SimplyListed (YC W11) Wants to Get the World Buying and Selling via Mobile - jgrall
http://mashable.com/2011/10/21/simplylisted-sell-buy/

======
kerryfalk
Interesting approach, I like it. I believe there is a lot of room in this
space for many different players in many different verticals.

Making it simpler for the average user to list something for sale is critical
for growing the space. There are far more products laying around in garages
and basements that could be sold than are currently being listed for sale
online. I believe the main reason that these products will remain in garages
and basements is because A) creating the listing is still too difficult and
cumbersome; and B) shipping to a non-local buyer is seen as too much work.

It looks like this does a good job of solving A. Good work. I have similar
plans for a different market in the future. I believe the key for the platform
in this space that will really disrupt the market is the data on the products
themselves. The retailers have some of the info but it isn't really being used
at the C2C level. Getting that data requires solving some other chicken-and-
egg problems first though, I think.

I like the idea for hosting Bazaars on a scheduled basis. Very creative.

Jon/Sean I'm not sure if you'll be around Startup School next weekend but if
so I'd love to talk with you guys and hear about your thoughts on the space
and the challenges you've overcome so far.

Edit: Ah ha.

 _Unlike other sites where you have to pay for shipping and wait days for
delivery, our sellers are local, so you can get your item the same day!_

Problem B not an issue I see. I'm interested in seeing where this goes. Good
luck, gents.

------
twakefield
Congrats on the launch.

I've used the app a couple times and it is incredibly easy to use. It's helped
me clear my shelves of clutter that I wouldn't bother putting on craig's list
and make a few bucks.

The auto pricing was the other killer feature for me.
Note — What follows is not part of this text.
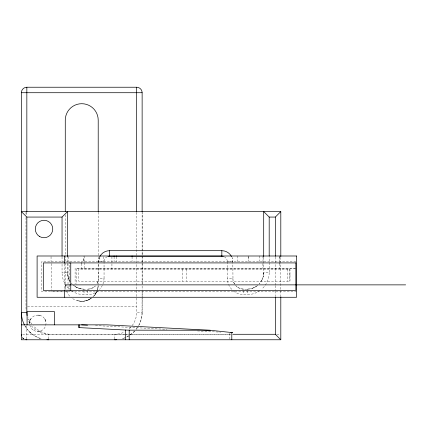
<?xml version="1.0" encoding="UTF-8"?>
<svg xmlns="http://www.w3.org/2000/svg" width="427" height="427" viewBox="0 0 427 427"><rect width="100%" height="100%" fill="white"/><g stroke="black" fill="none" stroke-linecap="round" stroke-linejoin="round"><path stroke-width="0.32" stroke-dasharray="2.13 1.6" d="M83.292 258.789L83.292 261.58L83.292 256.558M138.615 325.742L141.07 319.871L142.02 314.784L142.132 289.693M142.132 283.704L142.132 262.413M142.132 261.746L142.132 212.502L142.132 263.075M248.567 258.789L248.567 256.558M279.455 258.789L279.455 256.558M263.699 257.396L263.683 273.408L263.267 276.434L263.427 275.671L262.221 279.493L262.541 278.735L259.605 283.539M263.635 274.139L263.699 272.672L269.191 272.672L269.191 256.787M98.605 260.678L98.514 279.151M29.586 323.298L30.162 320.271L30.925 318.793L30.504 319.519M98.146 286.352L97.575 289.399M29.618 322.561L29.725 321.803M97.5 289.645L97.932 287.867M29.901 321.035L30.162 320.271M98.984 258.645L99.331 257.625A10.979 10.979 0 0 0 98.557 261.666L104.049 261.666A5.492 5.492 0 0 1 107.156 256.718M98.135 281.185L96.769 284.168A10.979 10.979 0 0 0 98.557 278.164L104.049 278.164L104.049 261.666M96.16 292.826L97.052 290.931L94.116 295.735L95.525 293.883M95.221 294.331L96.369 292.436M136.277 329.249L137.654 327.344A27.451 27.451 0 0 1 136.341 329.18M92.862 297.016L94.527 295.249M134.74 331.042L130.086 335.03M247.228 289.234L252.528 288.268L251.759 288.508L255.527 286.901L254.796 287.302L257.609 285.46A16.472 16.472 0 0 1 247.228 289.143C243.289 289.479 238.89 288.956 236.03 285.925M256.969 285.957L257.609 285.46M89.307 299.498L91.474 298.153L86.27 300.704L88.405 299.93M128.506 336.033L126.045 337.309M87.802 300.181L89.99 299.124M124.358 337.997L122.234 338.712A27.451 27.451 0 0 0 134.879 330.909M40.853 330.957L39.316 331.4L40.085 331.219M86.756 300.555L81.738 301.339L77.207 300.704L81.738 301.339L84.738 301.067M247.228 289.143L247.964 289.127M295.906 261.58L41.761 261.58L41.761 291.689L296.562 291.689M224.212 256.718A5.492 5.492 0 0 1 227.324 261.666L232.811 261.666L232.998 280.16M295.228 268.225L75.104 268.225L75.104 283.752M295.852 268.402L76.252 268.402L76.252 284.211M62.048 256.787L62.048 272.672L67.535 272.672A16.472 16.472 0 0 0 69.921 281.212M227.324 261.666L227.324 278.164L232.811 278.164A10.979 10.979 0 0 0 243.79 289.143L243.79 289.234M62.993 291.854L51.048 291.689M65.283 291.854L68.512 291.689M71.635 290.819A21.958 21.958 0 0 0 84.007 294.63L87.578 294.63A16.472 16.472 0 0 0 97.847 291.038M233.521 291.038A16.472 16.472 0 0 0 243.79 294.63L247.228 294.63A21.958 21.958 0 0 0 259.6 290.819M27.504 306.832L136.64 306.832M132.183 325.582A21.958 21.958 0 0 0 136.64 312.318L142.132 312.318L142.132 291.027M22.578 334.282L125.378 334.282M126.024 334.282L129.883 334.282M130.529 334.282L230.916 334.282M124.124 334.603L53.455 334.603A27.451 27.451 0 0 1 33.258 325.742M124.791 334.603L230.804 334.603M276.808 334.603L280.139 334.603M83.27 289.127C87.466 289.458 92.264 289.212 95.344 285.925A10.979 10.979 0 0 1 87.578 289.143L87.578 289.234M95.477 325.582L166.978 329.334M197.429 330.936L220.604 332.153M37.822 315.067L40.853 315.644L40.085 315.382M38.558 315.099L39.316 315.201M84.007 289.234L84.007 289.143A16.472 16.472 0 0 1 73.625 285.46L77.186 287.665L81.77 288.988M81.007 288.865L76.444 287.302L73.625 285.46M23.245 338.43L23.869 338.899L22.22 337.25L23.245 338.43L22.69 337.874M25.086 326.148C28.598 332.206 34.512 336.802 41.248 338.712A27.451 27.451 0 0 1 24.681 325.422M22.957 338.163L23.837 338.873L22.578 337.741M29.388 331.731L31.497 333.631M72.36 284.318L71.218 283.053M234.604 284.168L233.238 281.185M44.712 318.793L45.919 321.803L45.737 321.035M45.134 319.519L45.475 320.271M232.389 258.645L232.042 257.625A10.979 10.979 0 0 1 232.811 261.666L232.768 260.678M67.973 276.434L70.22 281.687L68.694 278.735L67.605 274.15L67.535 257.396M65.326 285.471L65.544 287.867L65.272 284.868M67.535 272.672L67.551 273.408M289.207 269.175L289.207 281.244M287.286 269.175L287.286 281.244M280.806 257.406L280.806 296.034M279.455 255.997L279.455 261.58M279.381 263.518L279.381 268.402M275.319 257.027L275.319 284.996M275.319 285.663L275.319 290.323M275.319 290.99L275.319 296.317M262.984 255.997L262.984 261.58M262.909 263.518L262.909 268.402M259.547 255.997L259.547 261.58M248.567 255.997L248.567 261.58M247.228 290.75L247.228 294.63M243.79 290.75L243.79 294.63M237.588 255.997L237.588 261.58M229.87 333.284L229.87 339.123M186.615 269.175L186.615 281.244M182.767 269.175L182.767 281.244M142.132 263.742L142.132 290.36M136.64 212.326L136.64 312.318M132.071 256.696L132.071 261.58M116.592 256.696L116.592 261.58M114.682 338.873L114.682 334.282A21.958 21.958 0 0 0 124.209 332.105M114.089 256.696L114.089 261.58M111.933 256.659L111.933 263.245M111.933 263.907L111.933 269.175M103.334 256.616L103.334 261.58M99.763 257.241L99.763 261.58M98.21 212.187L98.21 256.2M98.21 256.862L98.21 284.206M87.578 290.75L87.578 294.63M84.487 255.997L84.487 261.927M84.487 262.589L84.487 269.175M84.007 290.75L84.007 294.63M81.738 263.518L81.738 268.402M69.211 261.58L69.211 283.832M69.211 284.489L69.211 289.074M69.211 289.725L69.211 291.689M68.512 256.616L68.512 261.58M68.016 263.566L68.016 285.129M68.016 285.786L68.016 290.36M65.272 214.856L65.272 254.866M65.272 255.533L65.272 284.206M64.557 263.987L64.557 289.282M51.544 263.566L51.544 290.36M51.048 256.616L51.048 261.58M48.801 338.873L48.801 334.282A21.958 21.958 0 0 1 31.63 326.014M26.842 212.336L26.842 215.827M26.842 325.63L26.842 338.873M26.004 212.24L26.004 214.893M26.004 217.551L26.004 307.152A27.451 27.451 0 0 0 26.116 309.618M31.79 324.013A27.451 27.451 0 0 1 27.931 317.256M263.699 272.672A16.472 16.472 0 0 1 259.269 283.912M231.717 289.367A16.472 16.472 0 0 1 227.324 278.164M269.191 272.672A21.958 21.958 0 0 1 262.167 288.769M69.067 288.769A21.958 21.958 0 0 1 62.048 272.672M104.049 278.164A16.472 16.472 0 0 1 99.651 289.367M29.783 323.298A21.958 21.958 0 0 1 27.814 318.793M98.205 285.364A16.472 16.472 0 0 1 93.78 296.108M92.12 297.656A16.472 16.472 0 0 1 71.357 297.656M69.697 296.108A16.472 16.472 0 0 1 65.278 285.364M142.132 312.318A27.451 27.451 0 0 1 139.063 324.926M24.093 339.033A5.492 5.492 0 0 1 22.305 337.373M130.779 327.258A21.958 21.958 0 0 1 128.372 329.489M289.997 275.212L289.997 281.244L78.765 281.244L78.765 269.175L289.997 269.175L289.997 275.212M33.701 330.434A8.236 8.236 0 0 0 46.057 323.298A8.236 8.236 0 0 0 33.701 316.167A8.236 8.236 0 0 0 33.701 330.434"/><path stroke-width="0.64" d="M230.842 332.681L232.587 332.633L210.26 330.274L129.205 330.151A5.508 0.288 3 0 1 125.357 330.028L78.958 327.594L79.102 324.856M62.048 256.125L62.048 217.065L67.482 211.632M275.319 256.36L275.319 217.065L280.752 211.632M280.806 296.696L280.806 339.769L21.35 339.769L21.35 92.718A5.492 5.492 0 0 1 26.842 87.231L136.64 87.231A5.492 5.492 0 0 1 142.132 92.718L142.132 211.835M21.35 92.718L142.132 92.718M21.35 211.573L280.806 211.573L280.806 256.744M21.403 211.632L26.842 217.065L62.048 217.065M263.753 211.632L269.191 217.065L275.319 217.065M99.785 256.622A10.979 10.979 0 0 1 109.542 250.686L221.832 250.686A10.979 10.979 0 0 1 231.583 256.622M107.919 256.419A5.492 5.492 0 0 1 109.542 256.173L221.832 256.173A5.492 5.492 0 0 1 223.449 256.419M65.272 284.868L405.65 284.868M27.088 315.59A21.958 21.958 0 0 1 26.842 312.318L21.35 312.318A27.451 27.451 0 0 0 24.419 324.926M21.35 324.856L106.99 324.856L210.26 330.274M21.563 334.282L21.35 334.282A5.492 5.492 0 0 0 21.596 335.9M232.843 334.282L275.319 334.282L280.752 339.716M81.573 324.856L87.535 325.166M279.381 262.909L279.381 263.251M275.319 296.984L275.319 334.282M269.191 217.065L269.191 256.125M263.699 211.573L263.699 256.734M231.792 332.5L231.792 339.769M221.832 250.686L221.832 256.173M136.64 87.231L136.64 211.669M132.071 255.997L132.071 256.349M129.205 330.151L129.205 339.769M125.357 330.028L125.357 339.769M116.592 255.997L116.592 256.349M114.682 339.678L114.682 339.769A27.451 27.451 0 0 0 116.534 339.705M114.089 255.997L114.089 256.349M109.542 250.686L109.542 256.173M98.21 211.52L98.21 120.168A16.472 16.472 0 0 0 81.738 103.702A16.472 16.472 0 0 0 65.272 120.168L65.272 211.52M81.738 262.909L81.738 263.251M78.958 324.856L78.958 327.594M70.759 262.909L70.759 290.36M67.535 211.573L67.535 256.734M64.557 255.997L64.557 263.32M64.557 289.949L64.557 297.272M54.523 324.856L54.523 311.673L27.072 311.673L27.072 324.856M48.801 339.678L48.801 339.769A27.451 27.451 0 0 1 46.949 339.705M26.842 87.231L26.842 211.835M26.842 217.065L26.842 312.318M26.842 339.678L26.842 339.769A5.492 5.492 0 0 1 25.839 339.678M296.562 255.997L37.106 255.997L37.106 297.272L296.562 297.272L296.562 255.997M295.852 262.909L43.308 262.909L43.308 290.36L295.852 290.36L295.852 262.909M39.658 236.569A8.732 8.732 0 0 0 52.756 229.005A8.732 8.732 0 0 0 39.658 221.442A8.732 8.732 0 0 0 39.658 236.569"/></g></svg>

I don't want to have to
search around looking for the market clearing level.

Eventually, I could see using for more substantial items as well.

------
old-gregg
For those who didn't read the article: their app does some clever image
recognition on your iPhone and automatically figures out what is it that
you're selling. Then fills out the price+description fields for your listing.

Fun to play with, works extremely well on used electronics.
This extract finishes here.